US routinely detains and interrogates Iraqi children as young as 10.
Unbelievably, the US is detaining and interrogating Iraqi children as young as 10, according to Human Rights Watch. Reuters reports:
Human Rights Watch said U.S. military authorities were holding 513 Iraqi children as of May 12 as "imperative threats to security".
Since the March 2003 U.S.-led invasion, the United States has detained 2,400 children under the age of 18 in Iraq, including some as young as 10, it said.
Child detainees were sometimes interrogated over days or weeks by military units in the field before being sent to main detention centres and had no real opportunity to challenge their detention, the human rights group said.

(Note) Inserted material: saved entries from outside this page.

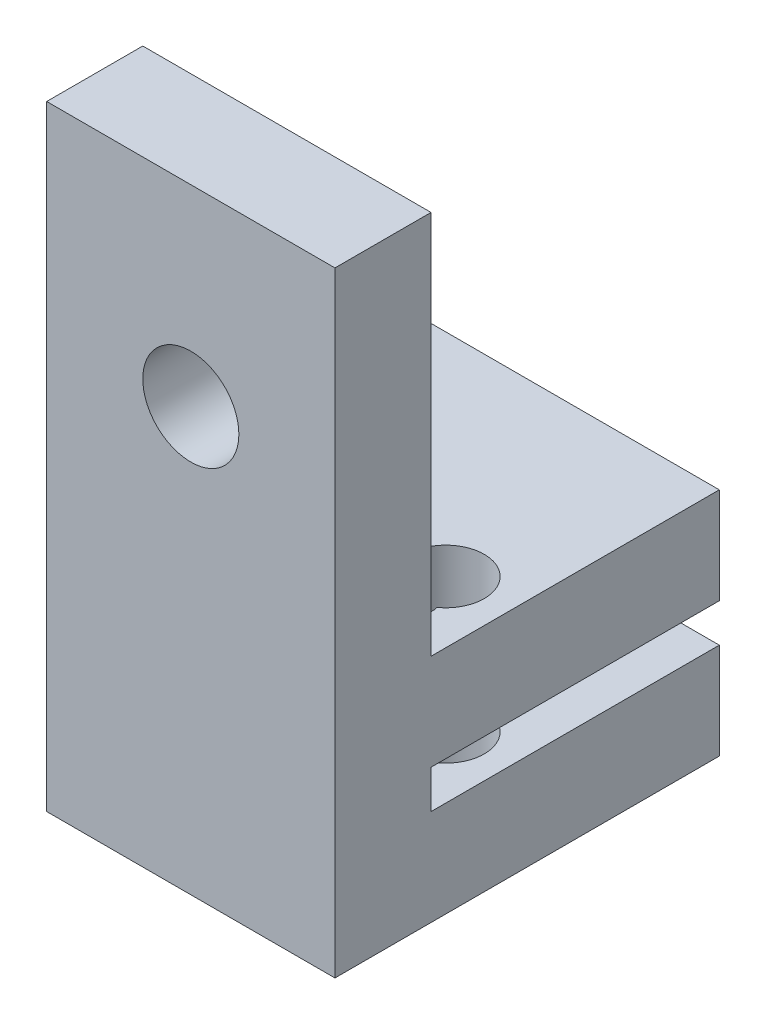
SolidWorks part; units mm, degrees
ref_plane "Piano frontale" through (0, 0, 0) normal (0, 0, 1) x (1, 0, 0)
ref_plane "Piano superiore" through (0, 0, 0) normal (0, 1, 0) x (1, 0, 0)
ref_plane "Piano destro" through (0, 0, 0) normal (1, 0, 0) x (0, 0, -1)
sketch "Schizzo1" plane through (0, 0, 0) normal (1, 0, 0) x (0, 0, -1)
  line L0 (52901.8461, -245.4423) -> (52901.8461, -247.4423) construction
  line L1 (0, 0) -> (-20, 0)
  line L2 (-15, 5) -> (-15, 7)
  line L3 (0, 12) -> (-20, 12)
  line L4 (-20, 0) -> (-20, 12)
  line L6 (0, 0) -> (0, 5)
  line L7 (0, 5) -> (-15, 5)
  line L10 (0, 12) -> (0, 7)
  line L11 (0, 7) -> (-15, 7)
  dimension "D1" = 15
  dimension "D2" = 20
  dimension "D3" = 12
extrude "Estrusione-Estrusione1" add sketch "Schizzo1" along normal blind 15
sketch "Schizzo5" plane through (0, 0, 20) normal (0, 0, 1) x (1, 0, 0)
  line L0 (0, 12) -> (0, 0) construction
  line L1 (15, 32) -> (0, 32)
  line L2 (15, 32) -> (15, 12)
  line L3 (15, 12) -> (0, 12)
  line L4 (0, 32) -> (0, 12)
  line L5 (15, 32) -> (0, 12) construction
  line L6 (15, 12) -> (0, 32) construction
  line L7 (15, 12) -> (15, 0) construction
  line L8 (15, 12) -> (0, 12) construction
  circle A0 centre (7.5, 22) radius 2.5
  dimension "D1" = 5
  dimension "D2" = 20
extrude "Estrusione-Estrusione2" add sketch "Schizzo5" against normal up to surface (5 mm away) up to face at (7.5, 6, 15)
sketch "Schizzo6" plane through (0, 0, 0) normal (0, -1, 0) x (1, 0, 0)
  line L0 (7.5, 20) -> (7.5, -4.7288) construction
  line L1 (15, 20) -> (0, 20) construction
  circle A0 centre (3.2115, 11.0216) radius 2
  circle A1 centre (11.7885, 11.0216) radius 2
  dimension "D1" = 4
extrude "Taglio-Estrusione2" cut sketch "Schizzo6" against normal up to surface (12 mm away) up to face at (7.5, 12, 7.5)
sketch "Schizzo4" plane through (0, 0, 0) normal (0, -1, 0) x (1, 0, 0)
  line L0 (7.5, 20) -> (7.5, 0) construction
  line L2 (15, 20) -> (0, 20) construction
  line L3 (15, 0) -> (0, 0) construction
  circle A0 centre (3.5, 13) radius 1.5
  circle A1 centre (11.5, 13) radius 1.5
  dimension "D1" = 3
  dimension "D2" = 8
  dimension "D3" = 7
extrude "Taglio-Estrusione1" cut sketch "Schizzo4" against normal up to surface (12 mm away) up to face at (3.2115, 12, 9.0216)

"The vast majority of children detained in Iraq languish for months in U.S. military custody," said Clarisa Bencomo, a researcher for Human Rights Watch.
The US military response:
Responding to Human Rights Watch, a U.S. military spokesman said U.S. forces currently held fewer than 500 children in Iraq.
Youths charged under Iraqi law received access to legal counsel. "Those who are not referred to the Iraqi criminal courts do not have legal counsel because they are not charged with a crime," said Major Matthew Morgan, a spokesman for U.S. detention facilities in Iraq.
Military representatives defend the practice of detaining children, saying that Iraqi militants use them to attack government and coalition forces. The tragedy is that children are the most vulnerable and exploited foot soldiers in many of the world’s most prolonged wars and conflicts. The war in Iraq is no exception, and US soldiers are confronting the fact that their mission to "spread democracy to the Middle East" means taking young children from their families and interrogating them. And for what? Some meager shred of intelligence that would clear the fog of the Iraq war?
We need a new strategy in Iraq, one that doesn’t involve throwing kids in jail. There is no military solution to Iraq’s political problems, and we need to bring the troops home. Waiting for the next president to make it all better isn’t good enough.